To view the data in a more helpful way, rearrange the data (pivot it) so that:
Display the resulting data in a heatmap.
# Import seaborn in order to use a heatmap plot
import seaborn as sns
# Pivot the data so that v1 + v2 is the value
df_add = df.pivot(index='v1',
columns='v2',
values='v1 + v2'
)
print("v1 + v2\n")
display(df_add)
print()
sns.heatmap(df_add);
v1 + v2
v2 | 100 | 200 | 300 |
---|---|---|---|
v1 | |||
1 | 101 | 201 | 301 |
2 | 102 | 202 | 302 |
3 | 103 | 203 | 303 |
Notice that it doesn't seem like you can easily distinguish clearly when you vary feature 1 (which ranges from 1 to 3), since feature 2 is so much larger in magnitude (100 to 300). This is because you added the two features together.
Now pivot the data so that:
Use a heatmap to visualize the table.
df_mult = df.pivot(index='v1',
columns='v2',
values='v1 x v2'
)
print('v1 x v2')
display(df_mult)
print()
sns.heatmap(df_mult);
v1 x v2
v2 | 100 | 200 | 300 |
---|---|---|---|
v1 | |||
1 | 100 | 200 | 300 |
2 | 200 | 400 | 600 |
3 | 300 | 600 | 900 |
Notice how when you multiply the features, the heatmap looks more like a 'grid' shape instead of three vertical bars.

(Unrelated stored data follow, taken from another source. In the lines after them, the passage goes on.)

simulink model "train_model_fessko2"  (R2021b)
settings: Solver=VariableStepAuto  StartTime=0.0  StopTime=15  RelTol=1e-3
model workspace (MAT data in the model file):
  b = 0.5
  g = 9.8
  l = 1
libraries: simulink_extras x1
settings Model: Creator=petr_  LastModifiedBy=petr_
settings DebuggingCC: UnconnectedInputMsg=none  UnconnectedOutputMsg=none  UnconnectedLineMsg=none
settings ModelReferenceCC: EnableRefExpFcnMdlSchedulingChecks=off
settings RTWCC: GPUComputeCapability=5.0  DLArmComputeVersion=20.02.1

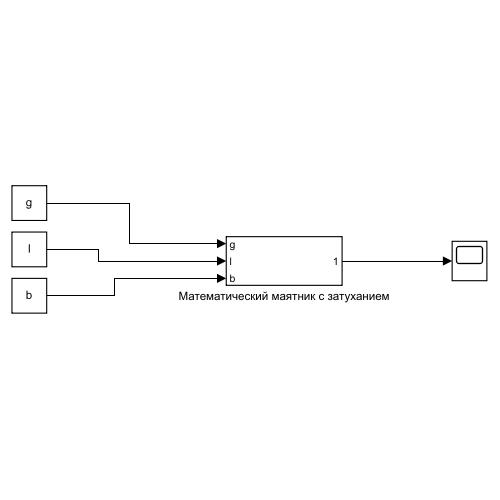
[thumbnail: Simulink's stored preview of the top-level diagram]
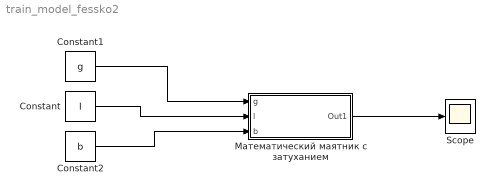
== system train_model_fessko2 ==
  Constant : Constant  Value=l  OutDataTypeStr=double
  Constant1 : Constant  Value=g  OutDataTypeStr=double
  Constant2 : Constant  Value=b  OutDataTypeStr=double
  Scope : Scope
  Математический маятник с затуханием : Subsystem
  wires:
  Математический маятник с затуханием/1(Out1) -> Scope/1
  Constant/1 -> Математический маятник с затуханием/2(l)
  Constant1/1 -> Математический маятник с затуханием/1(g)
  Constant2/1 -> Математический маятник с затуханием/3(b)

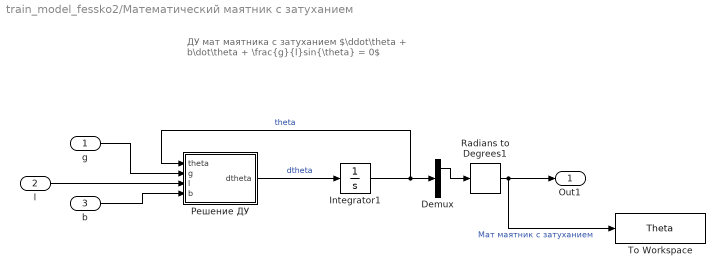
== system train_model_fessko2/Математический маятник с затуханием ==
  note: ДУ мат маятника с затуханием
      | $\ddot\theta + b\dot\theta + \frac{g}{l}sin{\theta} = 0$
  g : Inport
  l : Inport  Port=2
  b : Inport  Port=3
  Demux : Demux  Outputs=2
  Integrator1 : Integrator  InitialCondition=[deg2rad(30), 0]
  Radians to Degrees1 : simulink_extras/Transformations/Radians to Degrees
  To Workspace : ToWorkspace  VariableName=Theta  SaveFormat=Timeseries  SampleTime=-1
  Решение ДУ : MATLAB Function  TreatAsAtomicUnit=on
  Out1 : Outport
  wires:
  Integrator1/1 -> Решение ДУ/1(theta), Demux/1  "theta"
  Radians to Degrees1/1 -> To Workspace/1, Out1/1  "Мат маятник с затуханием"
  Решение ДУ/1(dtheta) -> Integrator1/1  "dtheta"
  g/1 -> Решение ДУ/2(g)
  l/1 -> Решение ДУ/3(l)
  b/1 -> Решение ДУ/4(b)
  Demux/1 -> Radians to Degrees1/1

== matlab function train_model_fessko2/Математический маятник с затуханием/Решение ДУ ==
  data: theta input; g input; dtheta output; l input; b input
function dtheta = fcn(theta, g, l, b)
dtheta = [theta(2), -g/l*sin(theta(1))-b*theta(2)];

This means that you are more clearly able to make a distinction as feature 1 varies from 1 to 2 to 3.
When you find the interaction between two features, you ideally hope to see how varying one feature makes an impact on the interaction term. This is better achieved by multiplying the two features together rather than adding them together.
Another way to think of this is that you want to separate the feature space into a "grid", which you can do by multiplying the features together.
In this week's assignment, you will create interaction terms!